Y cuando había grandes expectativas para la versión de personajes reales de “Dumbo”, sobre todo porque sabemos que Disney casi siempre le apuesta a lo seguro y siendo su cuarta película para la poderosa productora, pasó lo que muchos temíamos. La historia emotiva, con un elenco espectacular y con una cinematografía muy al estilo del director simplemente no conquistó a la taquilla. Quizá porque se estrenó el mismo día de la preventa de la película “Avengers: Endgame” y la gente se volcó a comprar sus boletos y no entrar al cine a ver otras propuestas o simplemente, ya el solo nombre de Tim Burton, no resulta atractivo para llenar una sala como pasaba hace unos años. Así es; podemos decir que casi pasó de ser un aclamado cineasta a un director del montón; casi-casi un paria.  

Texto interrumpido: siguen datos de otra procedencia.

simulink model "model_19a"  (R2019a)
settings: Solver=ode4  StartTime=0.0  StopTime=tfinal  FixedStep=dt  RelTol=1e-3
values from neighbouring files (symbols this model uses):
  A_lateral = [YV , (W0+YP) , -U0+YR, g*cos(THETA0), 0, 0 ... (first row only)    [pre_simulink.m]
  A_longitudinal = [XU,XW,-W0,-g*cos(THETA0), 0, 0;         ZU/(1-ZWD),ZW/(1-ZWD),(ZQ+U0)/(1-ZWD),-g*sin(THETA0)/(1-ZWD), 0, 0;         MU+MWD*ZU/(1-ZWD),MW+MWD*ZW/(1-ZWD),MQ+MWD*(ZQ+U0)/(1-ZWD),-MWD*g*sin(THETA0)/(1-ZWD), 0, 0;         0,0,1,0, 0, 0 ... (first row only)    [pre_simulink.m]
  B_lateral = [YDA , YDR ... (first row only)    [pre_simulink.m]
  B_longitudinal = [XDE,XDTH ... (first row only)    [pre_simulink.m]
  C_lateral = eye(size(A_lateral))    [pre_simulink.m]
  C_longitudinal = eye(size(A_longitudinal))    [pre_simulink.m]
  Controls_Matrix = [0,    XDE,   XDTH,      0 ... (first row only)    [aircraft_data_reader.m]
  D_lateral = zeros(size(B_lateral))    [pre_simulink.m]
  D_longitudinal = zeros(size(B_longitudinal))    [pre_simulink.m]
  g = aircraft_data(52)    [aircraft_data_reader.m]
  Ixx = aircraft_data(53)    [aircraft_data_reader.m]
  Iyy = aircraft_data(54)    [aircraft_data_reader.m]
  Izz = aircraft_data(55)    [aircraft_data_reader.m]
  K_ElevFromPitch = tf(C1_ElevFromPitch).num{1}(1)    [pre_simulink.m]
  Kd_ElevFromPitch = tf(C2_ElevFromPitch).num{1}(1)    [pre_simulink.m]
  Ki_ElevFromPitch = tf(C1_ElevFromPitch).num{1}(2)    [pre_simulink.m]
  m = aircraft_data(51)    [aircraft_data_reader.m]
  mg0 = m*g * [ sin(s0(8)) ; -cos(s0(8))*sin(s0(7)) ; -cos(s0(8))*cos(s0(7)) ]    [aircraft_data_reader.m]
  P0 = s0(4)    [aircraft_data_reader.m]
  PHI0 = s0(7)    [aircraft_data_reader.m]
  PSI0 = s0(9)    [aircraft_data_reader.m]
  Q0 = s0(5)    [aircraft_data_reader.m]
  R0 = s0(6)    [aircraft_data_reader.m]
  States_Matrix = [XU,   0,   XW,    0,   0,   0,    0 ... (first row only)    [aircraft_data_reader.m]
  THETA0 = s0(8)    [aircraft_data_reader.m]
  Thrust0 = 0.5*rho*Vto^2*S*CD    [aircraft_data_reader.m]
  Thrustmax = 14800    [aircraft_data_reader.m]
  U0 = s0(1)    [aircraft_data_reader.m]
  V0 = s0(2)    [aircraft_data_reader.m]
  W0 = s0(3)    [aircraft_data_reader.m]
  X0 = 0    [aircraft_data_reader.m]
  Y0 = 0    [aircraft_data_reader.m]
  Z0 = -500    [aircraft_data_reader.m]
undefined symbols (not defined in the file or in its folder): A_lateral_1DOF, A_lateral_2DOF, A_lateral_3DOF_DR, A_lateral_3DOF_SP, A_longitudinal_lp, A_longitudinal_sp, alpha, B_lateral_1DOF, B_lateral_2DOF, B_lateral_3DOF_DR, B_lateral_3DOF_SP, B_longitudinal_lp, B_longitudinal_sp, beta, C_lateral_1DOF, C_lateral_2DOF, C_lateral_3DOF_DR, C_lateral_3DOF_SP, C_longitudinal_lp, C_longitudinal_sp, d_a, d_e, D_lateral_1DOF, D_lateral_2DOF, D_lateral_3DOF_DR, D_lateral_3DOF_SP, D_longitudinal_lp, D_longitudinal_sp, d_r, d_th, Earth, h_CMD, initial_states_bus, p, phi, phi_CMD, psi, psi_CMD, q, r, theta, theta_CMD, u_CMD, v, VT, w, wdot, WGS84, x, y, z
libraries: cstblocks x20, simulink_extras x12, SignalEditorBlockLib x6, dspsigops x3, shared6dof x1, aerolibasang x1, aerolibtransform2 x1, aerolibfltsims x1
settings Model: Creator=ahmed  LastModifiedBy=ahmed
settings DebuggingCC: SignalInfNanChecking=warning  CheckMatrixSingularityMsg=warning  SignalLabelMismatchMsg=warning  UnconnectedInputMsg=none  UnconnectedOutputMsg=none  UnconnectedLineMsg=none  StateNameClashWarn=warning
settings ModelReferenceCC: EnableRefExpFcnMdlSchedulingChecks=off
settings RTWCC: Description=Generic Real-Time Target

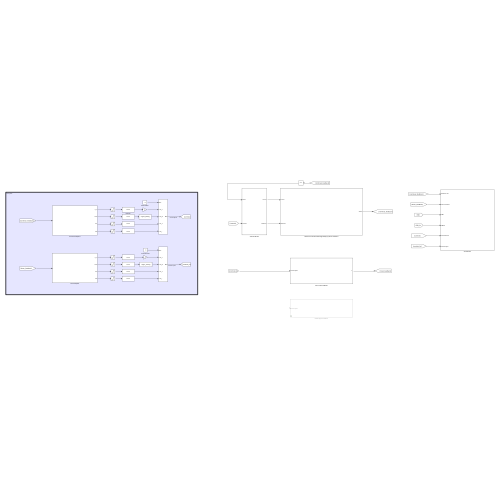
[thumbnail: Simulink's stored preview of the top-level diagram]
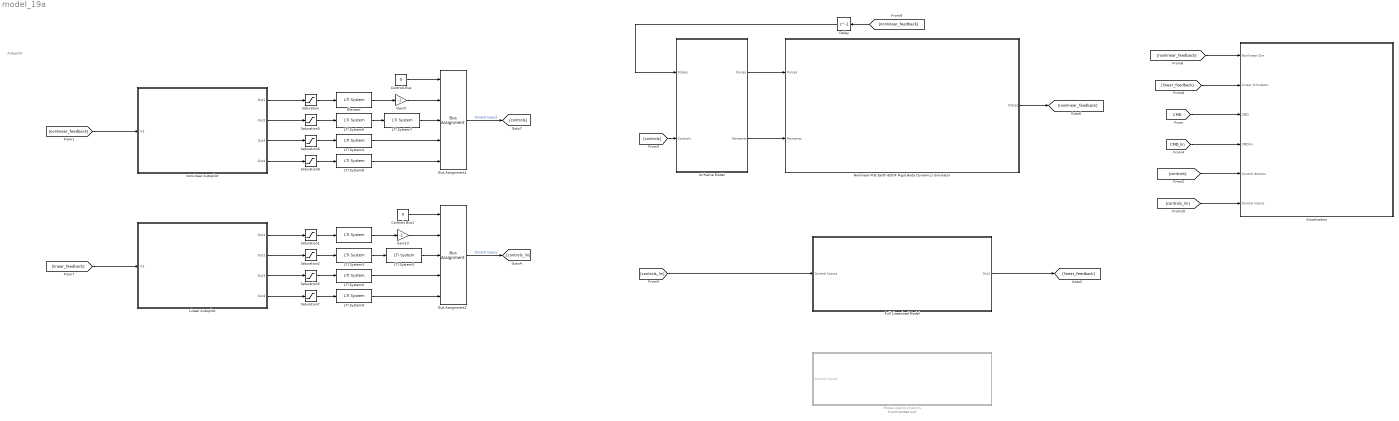
== system model_19a ==
  note: Autopilot
  " " : cstblocks/LTI System  sys=servo  IC=[]
  Airframe Model : Subsystem
  Bus Assignment1 : BusAssignment  AssignedSignals=d_e,d_th,d_a,d_r
  Bus Assignment2 : BusAssignment  AssignedSignals=d_e,d_th,d_a,d_r
  Controls Bus : Constant  Value=0  OutDataTypeStr=Bus: Controls_bus_T
  Controls Bus1 : Constant  Value=0  OutDataTypeStr=Bus: Lin_Controls_bus_T
  Delay : Delay  DelayLength=1  InitialCondition=initial_states_bus
  Elevator : cstblocks/LTI System  sys=servo  IC=[]
  Full Linearized Model : Subsystem
  Gain13 : Gain  Gain=-1
  Gain5 : Gain  Gain=-1
  LTI System{2..4,6,8..9} (6 alike) : cstblocks/LTI System  sys=servo  IC=[]
  LTI System5 : cstblocks/LTI System  sys=engine_timelag  IC=[]
  LTI System7 : cstblocks/LTI System  sys=engine_timelag  IC=[]
  Linear Autopilot : Subsystem
  Modes Approximations : Subsystem  Commented=on
  Nonlinear Flat Earth 6DOF Rigid Body Dynamics Simulator : Subsystem
  Saturation : Saturate  UpperLimit=30*pi/180  LowerLimit=-30*pi/180
  Saturation1 : Saturate  UpperLimit=30*pi/180  LowerLimit=-30*pi/180
  Saturation2 : Saturate  UpperLimit=Thrustmax - Thrust0  LowerLimit=3700 - Thrust0  LinearizeAsGain=off
  Saturation3 : Saturate  UpperLimit=Thrustmax - Thrust0  LowerLimit=3700 - Thrust0  LinearizeAsGain=off
  Saturation5 : Saturate  UpperLimit=50*pi/180  LowerLimit=-50*pi/180  LinearizeAsGain=off
  Saturation6 : Saturate  UpperLimit=50*pi/180  LowerLimit=-50*pi/180  LinearizeAsGain=off
  Saturation7 : Saturate  UpperLimit=15*pi/180  LowerLimit=-15*pi/180  LinearizeAsGain=off
  Saturation8 : Saturate  UpperLimit=15*pi/180  LowerLimit=-15*pi/180  LinearizeAsGain=off
  Visualization : Subsystem
  nonLinear Autopilot : Subsystem
  wires:
  Airframe Model/1(Forces) -> Nonlinear Flat Earth 6DOF Rigid Body Dynamics Simulator/1(Forces)
  Airframe Model/2(Moments) -> Nonlinear Flat Earth 6DOF Rigid Body Dynamics Simulator/2(Moments)
  Delay/1 -> Airframe Model/1(States)
  [CMD] -> Visualization/3(CMD)
  Bus Assignment1/1 -> [controls]  "Control Inputs"
  Controls Bus/1 -> Bus Assignment1/1
  Full Linearized Model/1(Out1) -> [linear_feedback]
  [linear_feedback] -> Visualization/2(Linear Simulator)
  Nonlinear Flat Earth 6DOF Rigid Body Dynamics Simulator/1(States) -> [nonlinear_feedback]
  [nonlinear_feedback] -> Visualization/1(Nonlinear Sim)
  [nonlinear_feedback] -> Delay/1
  LTI System6/1 -> LTI System7/1
  Saturation/1 -> Elevator/1
  LTI System7/1 -> Bus Assignment1/3
  Elevator/1 -> Gain5/1
  Saturation3/1 -> LTI System6/1
  Saturation6/1 -> LTI System4/1
  LTI System4/1 -> Bus Assignment1/4
  Saturation8/1 -> LTI System8/1
  LTI System8/1 -> Bus Assignment1/5
  [controls] -> Visualization/5(Control Actions)
  Gain5/1 -> Bus Assignment1/2
  [controls] -> Airframe Model/2(Controls)
  [controls_lin] -> Full Linearized Model/1(Control Inputs)
  LTI System5/1 -> Bus Assignment2/3
  LTI System9/1 -> Bus Assignment2/5
  LTI System3/1 -> LTI System5/1
  Gain13/1 -> Bus Assignment2/2
  LTI System2/1 -> Bus Assignment2/4
  " "/1 -> Gain13/1
  Saturation1/1 -> " "/1
  Saturation2/1 -> LTI System3/1
  Controls Bus1/1 -> Bus Assignment2/1
  Saturation5/1 -> LTI System2/1
  Bus Assignment2/1 -> [controls_lin]  "Control Inputs"
  Saturation7/1 -> LTI System9/1
  [linear_feedback] -> Linear Autopilot/1(In1)
  [nonlinear_feedback] -> nonLinear Autopilot/1(In1)
  [CMD_lin] -> Visualization/4(CMDlin)
  [controls_lin] -> Visualization/6(Control Inputs)
  Linear Autopilot/3(Out3) -> Saturation5/1
  Linear Autopilot/4(Out4) -> Saturation7/1
  nonLinear Autopilot/3(Out3) -> Saturation6/1
  nonLinear Autopilot/4(Out4) -> Saturation8/1
  nonLinear Autopilot/1(Out1) -> Saturation/1
  nonLinear Autopilot/2(Out2) -> Saturation3/1
  Linear Autopilot/1(Out1) -> Saturation1/1
  Linear Autopilot/2(Out2) -> Saturation2/1

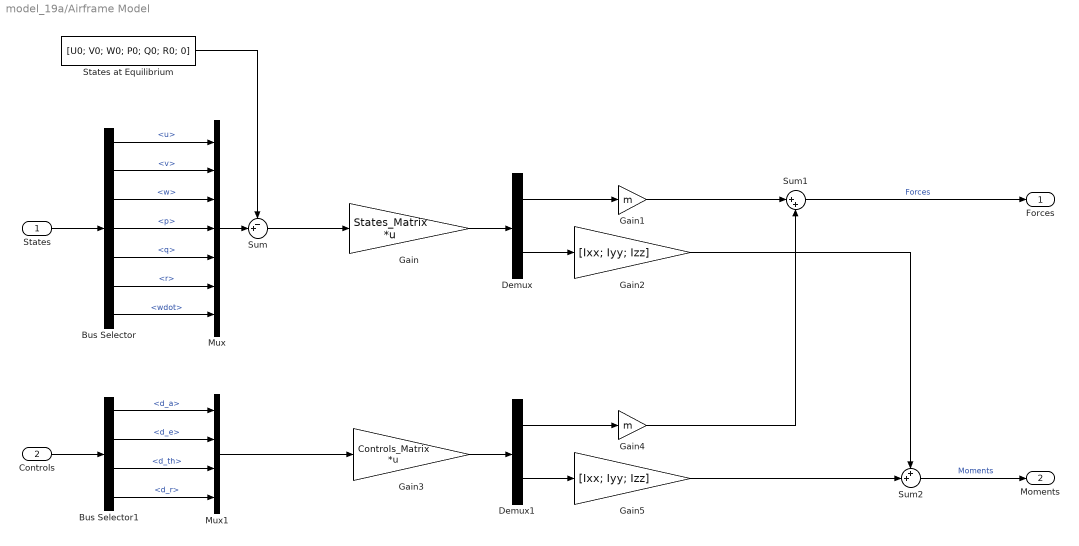
== system model_19a/Airframe Model ==
  States : Inport  OutDataTypeStr=Bus: States_bus_T
  Controls : Inport  Port=2  OutDataTypeStr=Bus: Controls_bus_T
  Bus Selector : BusSelector  OutputSignals=u,v,w,p,q,r,wdot
  Bus Selector1 : BusSelector  OutputSignals=d_a,d_e,d_th,d_r
  Demux : Demux  Outputs=2
  Demux1 : Demux  Outputs=2
  Gain : Gain  Gain=States_Matrix  Multiplication=Matrix(K*u)
  Gain1 : Gain  Gain=m
  Gain2 : Gain  Gain=[Ixx; Iyy; Izz]
  Gain3 : Gain  Gain=Controls_Matrix  Multiplication=Matrix(K*u)
  Gain4 : Gain  Gain=m
  Gain5 : Gain  Gain=[Ixx; Iyy; Izz]
  Mux : Mux  Inputs=7
  Mux1 : Mux
  States at Equilibrium : Constant  Value=[U0; V0; W0; P0; Q0; R0; 0]
  Sum : Sum  Inputs=-+|
  Sum1 : Sum  Inputs=|++
  Sum2 : Sum  Inputs=++|
  Forces : Outport
  Moments : Outport  Port=2
  wires:
  Sum1/1 -> Forces/1  "Forces"
  Sum2/1 -> Moments/1  "Moments"
  States/1 -> Bus Selector/1
  Bus Selector/2 -> Mux/2  "<v>"
  Bus Selector/1 -> Mux/1  "<u>"
  Bus Selector/3 -> Mux/3  "<w>"
  Bus Selector/4 -> Mux/4  "<p>"
  Bus Selector/5 -> Mux/5  "<q>"
  Bus Selector/6 -> Mux/6  "<r>"
  Bus Selector/7 -> Mux/7  "<wdot>"
  Mux/1 -> Sum/2
  States at Equilibrium/1 -> Sum/1
  Sum/1 -> Gain/1
  Gain/1 -> Demux/1
  Demux/1 -> Gain1/1
  Demux/2 -> Gain2/1
  Gain1/1 -> Sum1/1
  Gain2/1 -> Sum2/1
  Demux1/2 -> Gain5/1
  Gain3/1 -> Demux1/1
  Controls/1 -> Bus Selector1/1
  Bus Selector1/3 -> Mux1/3  "<d_th>"
  Bus Selector1/2 -> Mux1/2  "<d_e>"
  Bus Selector1/1 -> Mux1/1  "<d_a>"
  Bus Selector1/4 -> Mux1/4  "<d_r>"
  Mux1/1 -> Gain3/1
  Gain5/1 -> Sum2/2
  Demux1/1 -> Gain4/1
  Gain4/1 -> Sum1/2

Y es justamente el fracaso tanto en taquilla como de crítica que ha recibido con “Dumbo”, que la cinta que ahora está a nada de ser cancelada, es la esperadísima y cantadísima secuela de “Beetlejuice”. Se dice, que Burton ya tenía apalabrados por lo menos a los actores principales, pues Michael Keaton y Winona Ryder regresarían a los papeles que los hicieron célebres, sin embargo, desde el estreno de “Dumbo”, cuando la prensa le cuestionó al director sobre los avances de la secuela, se limitó a contestar “no hay nada. Nada”. Se le cuestionó si algún día vería la luz y también solo contestó: “no lo sé. Lo dudo”. Lo que al menos a mí, por suspicaz y no por conocedor me hace pensar que a él mismo no le gustaron los resultados ni la dirección que tomó “Dumbo”, y seamos honestos también, sabemos que muchas veces, sobre todo los enormes como Disney, Paramount o Warner, imponen visiones o acciones al guión que se contraponen a las visiones de los directores y eso, termina no gustando a los cineastas que acaban detestando sus propias obras; más o menos lo que pasó con “Liga de la Justicia” o “El hombre hormiga y la avispa”, donde los directores simplemente se dedicaron a aparecer en las fotos, cobrar y olvidar esos trabajos.

Seamos conscientes también en otra situación, desde que produjo aquella película tan extraña llamada simplemente “9” y con “Alicia en el país de las maravillas”, algo ha pasado con las cintas de Burton, que simplemente han dejado de tener la magia que tenían en años anteriores. No cabe duda que todos los refranes son sabios, y ese de que “renovarse o morir” aplica perfecto con él. Al menos, yo tengo confianza en que más pronto que tarde, llegará una cinta con la que el otrora visionario, arriesgado, vanguardista, oscuro y genial Tim Burton, regrese como los grandes.